Now what this meant for us was that we could have club meetings and hold fundraisers. Hahahaha. So of course that's exactly what we did. I didn't want to have to put down any real money to buy candy or something to resell, so we just made buttons with pieces of paper and safety pins that said something like "I love Jo-Jo". We sold them for a quarter a piece on the promise that all money raised would be used for a class party. Of course, we raised enough money that we bought snacks and had a class party (in algebra class) sponsored by the "Jo-Jo's flying sidekick Fan Club". However, having a party just wasn't enough. So me and my friend scheduled an appointment with the principal to talk about our club. Not the assistant principal. The real principal. We asked her to come to our algebra class and read the book out loud to us. Again, this book was written probably for the first grade reading level. She was also confused on how we got set up as a school club. And also why all of this was taking place in a advanced level eighth grade algebra course.

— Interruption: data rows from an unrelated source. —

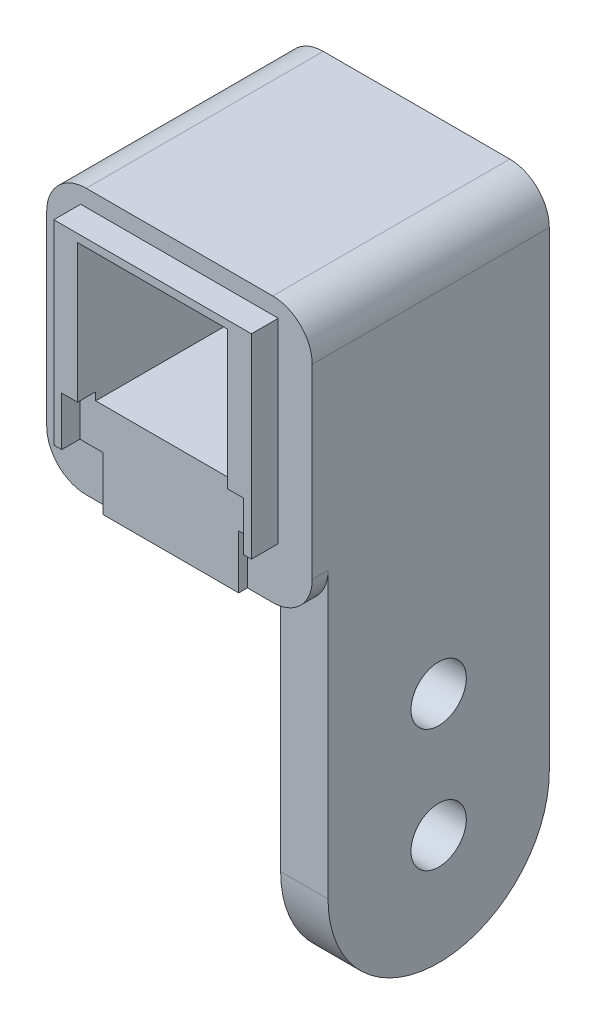
SolidWorks part; units mm, degrees
ref_plane "Front Plane" through (0, 0, 0) normal (0, 0, 1) x (1, 0, 0)
ref_plane "Top Plane" through (0, 0, 0) normal (0, 1, 0) x (1, 0, 0)
ref_plane "Right Plane" through (0, 0, 0) normal (1, 0, 0) x (0, 0, -1)
sketch "Sketch1" plane through (0, 0, 0) normal (0, 0, 1) x (1, 0, 0)
  line L1 (-16.3079, 17.6796) -> (17.2921, 17.6796)
  line L2 (-16.3079, 17.6796) -> (-16.3079, -15.9204)
  line L3 (-16.3079, -15.9204) -> (17.2921, -15.9204)
  line L4 (17.2921, 17.6796) -> (17.2921, -15.9204)
  line L5 (-9.0079, 14.5796) -> (9.9921, 14.5796)
  line L6 (-9.0079, 14.5796) -> (-9.0079, -3.9204)
  line L7 (-9.0079, -3.9204) -> (9.9921, -3.9204)
  line L8 (9.9921, 14.5796) -> (9.9921, -3.9204)
  line L9 (-12.0079, 15.5796) -> (12.9921, 15.5796)
  line L10 (-12.0079, 15.5796) -> (-12.0079, -9.1204)
  line L11 (-12.0079, -9.1204) -> (12.9921, -9.1204)
  line L12 (12.9921, 15.5796) -> (12.9921, -9.1204)
  dimension "D1" = 33.6
  dimension "D2" = 33.6
  dimension "D3" = 3.1
  dimension "D4" = 12
  dimension "D5" = 7.3
  dimension "D6" = 7.3
  dimension "D7" = 4.3
  dimension "D8" = 4.3
  dimension "D9" = 2.1
  dimension "D10" = 6.8
extrude "Boss-Extrude1" add sketch "Sketch1" along normal blind 3.4 contours L12 L9 L10 L11 L5 L8 L7 L6 region at (0.4921, 15.2281, 0)
extrude "Boss-Extrude2" add sketch "Sketch1<3>" against normal blind 27 contours L12 L9 L10 L11 L5 L8 L7 L6 | L4 L1 L2 L3 L9 L12 L11 L10 region at (0.4921, 17.2044, 0) region at (0.4921, 15.2281, 0)
sketch "Sketch1<3>" plane through (0, 0, 0) normal (0, 0, 1) x (1, 0, 0) same geometry as "Sketch1"
sketch "Sketch2" plane through (0, 0, -27) normal (0, 0, -1) x (-1, 0, 0)
  line L1 (-17.2921, 17.6796) -> (16.3079, 17.6796)
  line L2 (-17.2921, 17.6796) -> (-17.2921, -15.9204)
  line L3 (-17.2921, -15.9204) -> (16.3079, -15.9204)
  line L4 (16.3079, 17.6796) -> (16.3079, -15.9204)
extrude "Boss-Extrude3" add sketch "Sketch2" along normal blind 3
sketch "Sketch3" plane through (17.2921, 0, 0) normal (1, 0, 0) x (0, 0, -1)
  line L0 (16, -46.9204) -> (30, -46.9204)
  line L1 (30, -46.9204) -> (2, -46.9204)
  line L2 (30, -46.9204) -> (30, -15.9204)
  line L3 (30, -15.9204) -> (0, -15.9204) construction
  line L4 (2, -46.9204) -> (2, -15.9204)
  line L5 (2, -15.9204) -> (30, -15.9204)
  line L6 (30, 17.6796) -> (30, -15.9204) construction
  line L7 (16, -46.9204) -> (16, -15.9204)
  line L8 (16, -15.9204) -> (16, -31.4204)
  circle A0 centre (16, -46.9204) radius 14
  circle A1 centre (16, -46.9204) radius 3.5
  circle A2 centre (16, -31.4204) radius 3.5
  line M3 (0, -15.9204) -> (30, -15.9204)
  dimension "D1" = 28
  dimension "D2" = 7
  dimension "D5" = 7
  dimension "D3" = 31
  dimension "D4" = 0
  dimension "D6" = 15.5
extrude "Boss-Extrude4" add sketch "Sketch3" against normal blind 6 contours A2 L8 L4 A0 M3 | A2 A0 L2 L5 L8 | A2 L7 A1 L1 A0 | A2 A0 L1 A1 L7 | A1 L1 A0 region at (17.2921, -40.8871, -22.3906) region at (17.2921, -53.1593, -16) region at (17.2921, -40.8871, -9.6094) region at (17.2921, -25.9059, -23.9228) region at (17.2921, -25.9059, -8.0772)
fillet "Fillet1" radius 5 4 edges at (17.2921, -15.9204, -1) (-16.3079, -15.9204, -15) (17.2921, 17.6796, -15) (-16.3079, 17.6796, -15)
sketch "Sketch4" plane through (0, 0, 3.4) normal (0, 0, 1) x (1, 0, 0)
  line L0 (-9.0079, -3.9204) -> (9.9921, -3.9204) construction
  line L1 (-8.5079, -3.9204) -> (9.4921, -3.9204)
  line L2 (-8.5079, -3.9204) -> (-8.5079, -9.1204)
  line L3 (-8.5079, -9.1204) -> (9.4921, -9.1204)
  line L4 (9.4921, -3.9204) -> (9.4921, -9.1204)
  line L5 (-12.0079, -9.1204) -> (12.9921, -9.1204) construction
  line L7 (9.4921, -3.9204) -> (9.9921, -3.9204)
  line L8 (-8.5079, -3.9204) -> (-9.0079, -3.9204)
  line M7 (-12.0079, -9.1204) -> (12.9921, -9.1204)
  line M10 (9.9921, -3.9204) -> (-9.0079, -3.9204)
  dimension "D1" = 18
  dimension "D2" = 0.5
  dimension "D3" = 0.5
extrude "Cut-Extrude1" cut sketch "Sketch4" against normal blind 2.3 contours L4 L2 M10 M7 region at (0.4921, -6.5204, 3.4)
sketch "Sketch5" plane through (0, 0, 0) normal (0, 0, 1) x (1, 0, 0)
  line L0 (-8.5079, -9.1204) -> (-8.1079, -9.1204)
  line L1 (-8.5079, -9.1204) -> (9.4921, -9.1204) construction
  line L2 (9.4921, -9.1204) -> (9.0921, -9.1204)
  line L3 (-11.3079, -15.9204) -> (12.2921, -15.9204) construction
  line L4 (-8.1079, -9.1204) -> (9.0921, -9.1204)
  line L5 (-8.1079, -9.1204) -> (-8.1079, -15.9204)
  line L6 (-8.1079, -15.9204) -> (9.0921, -15.9204)
  line L7 (9.0921, -9.1204) -> (9.0921, -15.9204)
  line M3 (12.9921, -9.1204) -> (-12.0079, -9.1204)
  line M5 (-11.3079, -15.9204) -> (12.2921, -15.9204)
extrude "Boss-Extrude5" add sketch "Sketch5" along normal blind 1.1 contours L7 L5 M3 M5 region at (0.4921, -12.5204, 0)
sketch "Sketch6" plane through (0, 0, 3.4) normal (0, 0, 1) x (1, 0, 0)
  line L0 (12.9921, 15.5796) -> (12.9921, -9.1204) construction
  line L1 (-12.0079, -9.1204) -> (12.9921, -9.1204)
  line L2 (-12.0079, -9.1204) -> (-12.0079, -2.9204)
  line L3 (-12.0079, -2.9204) -> (12.9921, -2.9204)
  line L4 (12.9921, -9.1204) -> (12.9921, -2.9204)
extrude "Cut-Extrude2" cut sketch "Sketch6" against normal blind 2.3
sketch "Sketch7" plane through (0, -2.9204, 0) normal (0, -1, 0) x (1, 0, 0)
  line L0 (-9.0079, 1.1) -> (-12.0079, 1.1) construction
  line L1 (-12.0079, 3.4) -> (-11.0079, 3.4)
  line L2 (-12.0079, 3.4) -> (-12.0079, 1.1)
  line L3 (-12.0079, 1.1) -> (-11.0079, 1.1)
  line L4 (-11.0079, 3.4) -> (-11.0079, 1.1)
  line L5 (12.9921, 1.1) -> (9.9921, 1.1) construction
  line L6 (12.9921, 3.4) -> (11.9921, 3.4)
  line L7 (12.9921, 3.4) -> (12.9921, 1.1)
  line L8 (12.9921, 1.1) -> (11.9921, 1.1)
  line L9 (11.9921, 3.4) -> (11.9921, 1.1)
  dimension "D1" = 1
  dimension "D2" = 1
extrude "Boss-Extrude6" add sketch "Sketch7" along normal blind 6.2
equation "\"D2@Sketch1\"=\"D1@Sketch1\""
equation "\"D4@Sketch1\"=5.2+\"D10@Sketch1\""
equation "\"D6@Sketch1\"=\"D5@Sketch1\""
equation "\"D8@Sketch1\"=\"D7@Sketch1\""
equation "\"D1@Boss-Extrude1\"=8.2-4.8"
equation "\"D5@Sketch3\"=\"D2@Sketch3\""

She told us a maybe and we left.

Eighth Grade Seth was 100% goober

So we threw our party. It wasn't even a Friday. It was some random middle of the week day, like Tuesday. And of course, right in the middle of algebra class (when we were supposed to be learning about the Quadratic Formula). All of a sudden, the principal walked in and very confusedly walked up to the teacher, who directed her to me. I walked her up to the front of the room and handed her the book. She read the book out loud to us while we ate our cupcakes/chips and fought back the laughter. Afterwards, she called me and my friend out in the hallway and disbanded our club. Hahahaha. My next goal was to make it in the yearbook under the clubs section, but that dream got cut short. But it was definitely one of my favorite middle school memories. Side note: He actually was a good math teacher; I can still recite the Quadratic formula to this day. The trick is to sing it to the tune of 'Pop Goes the Weasel'.... All together now!! "X is equal to negative B, plus or minus the square root, of B squared minus 4 AC, all over 2 A."